**Data for this exercise:**
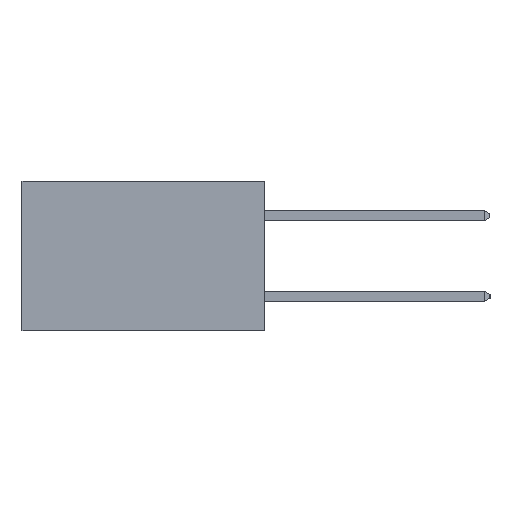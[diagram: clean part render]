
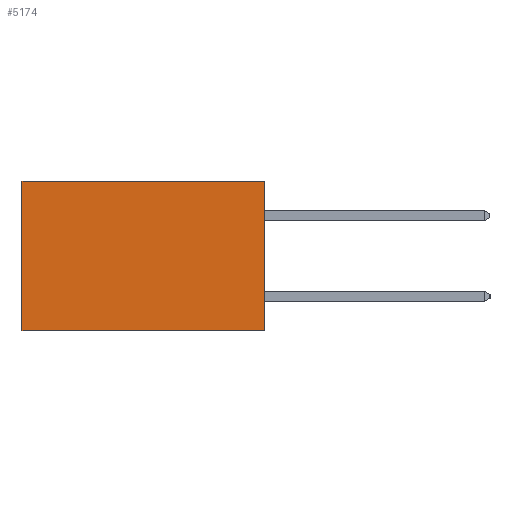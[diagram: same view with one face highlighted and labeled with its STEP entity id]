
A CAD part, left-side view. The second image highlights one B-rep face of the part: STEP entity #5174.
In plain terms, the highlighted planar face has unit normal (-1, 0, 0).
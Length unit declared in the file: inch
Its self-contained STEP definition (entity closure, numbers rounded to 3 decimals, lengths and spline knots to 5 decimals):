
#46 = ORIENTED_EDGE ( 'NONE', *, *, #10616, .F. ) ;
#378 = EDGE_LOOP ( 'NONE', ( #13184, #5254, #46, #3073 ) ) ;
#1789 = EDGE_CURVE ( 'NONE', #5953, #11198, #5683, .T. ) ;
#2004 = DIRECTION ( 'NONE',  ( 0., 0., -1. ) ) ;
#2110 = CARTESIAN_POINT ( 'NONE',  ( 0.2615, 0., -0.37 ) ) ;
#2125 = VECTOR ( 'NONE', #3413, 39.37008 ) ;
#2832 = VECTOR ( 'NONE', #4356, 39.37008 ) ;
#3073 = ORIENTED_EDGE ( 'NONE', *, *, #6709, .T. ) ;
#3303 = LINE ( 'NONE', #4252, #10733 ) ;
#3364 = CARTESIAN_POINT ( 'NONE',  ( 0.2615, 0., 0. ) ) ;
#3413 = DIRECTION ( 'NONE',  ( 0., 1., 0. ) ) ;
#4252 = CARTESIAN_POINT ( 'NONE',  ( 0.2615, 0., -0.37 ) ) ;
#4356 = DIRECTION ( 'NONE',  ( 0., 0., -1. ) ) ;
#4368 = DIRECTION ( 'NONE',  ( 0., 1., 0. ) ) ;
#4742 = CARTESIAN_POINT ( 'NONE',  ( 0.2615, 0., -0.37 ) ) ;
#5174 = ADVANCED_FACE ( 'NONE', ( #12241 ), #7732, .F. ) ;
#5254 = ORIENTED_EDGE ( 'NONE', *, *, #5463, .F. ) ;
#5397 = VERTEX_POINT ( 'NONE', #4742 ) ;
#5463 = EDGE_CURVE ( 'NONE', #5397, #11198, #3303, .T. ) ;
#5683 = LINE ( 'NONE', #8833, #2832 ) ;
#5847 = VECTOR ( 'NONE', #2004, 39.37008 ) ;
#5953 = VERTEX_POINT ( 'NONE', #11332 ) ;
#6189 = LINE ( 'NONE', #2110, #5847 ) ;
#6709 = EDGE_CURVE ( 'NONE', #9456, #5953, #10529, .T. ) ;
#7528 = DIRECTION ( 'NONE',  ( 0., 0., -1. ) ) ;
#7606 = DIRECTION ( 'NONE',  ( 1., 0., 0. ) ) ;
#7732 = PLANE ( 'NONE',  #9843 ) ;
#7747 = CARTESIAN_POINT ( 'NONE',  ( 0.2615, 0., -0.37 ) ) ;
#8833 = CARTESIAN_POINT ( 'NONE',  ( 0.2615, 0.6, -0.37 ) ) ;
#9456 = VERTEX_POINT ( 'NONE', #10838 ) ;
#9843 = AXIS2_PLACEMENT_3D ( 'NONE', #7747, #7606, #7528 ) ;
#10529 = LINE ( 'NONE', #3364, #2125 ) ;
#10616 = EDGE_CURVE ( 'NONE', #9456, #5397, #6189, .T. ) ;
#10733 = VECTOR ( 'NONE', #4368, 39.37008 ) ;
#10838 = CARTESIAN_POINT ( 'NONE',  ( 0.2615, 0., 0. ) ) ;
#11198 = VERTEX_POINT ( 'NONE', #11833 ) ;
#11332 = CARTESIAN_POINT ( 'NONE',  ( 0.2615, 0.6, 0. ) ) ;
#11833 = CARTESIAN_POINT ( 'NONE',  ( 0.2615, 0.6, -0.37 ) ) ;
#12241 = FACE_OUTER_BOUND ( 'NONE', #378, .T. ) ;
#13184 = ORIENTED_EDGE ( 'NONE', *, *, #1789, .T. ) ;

**Problem:** Starting with the first line of the records above and stopping after the line containing "#3073 = ORIENTED_EDGE", repeat every line exactly and leave out the pictures.

**Output below:**
[diagram: clean part render]
[diagram: same view with one face highlighted and labeled with its STEP entity id]
A CAD part, left-side view. The second image highlights one B-rep face of the part: STEP entity #5174.
In plain terms, the highlighted planar face has unit normal (-1, 0, 0).
Length unit declared in the file: inch
Its self-contained STEP definition (entity closure, numbers rounded to 3 decimals, lengths and spline knots to 5 decimals):
#46 = ORIENTED_EDGE ( 'NONE', *, *, #10616, .F. ) ;
#378 = EDGE_LOOP ( 'NONE', ( #13184, #5254, #46, #3073 ) ) ;
#1789 = EDGE_CURVE ( 'NONE', #5953, #11198, #5683, .T. ) ;
#2004 = DIRECTION ( 'NONE',  ( 0., 0., -1. ) ) ;
#2110 = CARTESIAN_POINT ( 'NONE',  ( 0.2615, 0., -0.37 ) ) ;
#2125 = VECTOR ( 'NONE', #3413, 39.37008 ) ;
#2832 = VECTOR ( 'NONE', #4356, 39.37008 ) ;
#3073 = ORIENTED_EDGE ( 'NONE', *, *, #6709, .T. ) ;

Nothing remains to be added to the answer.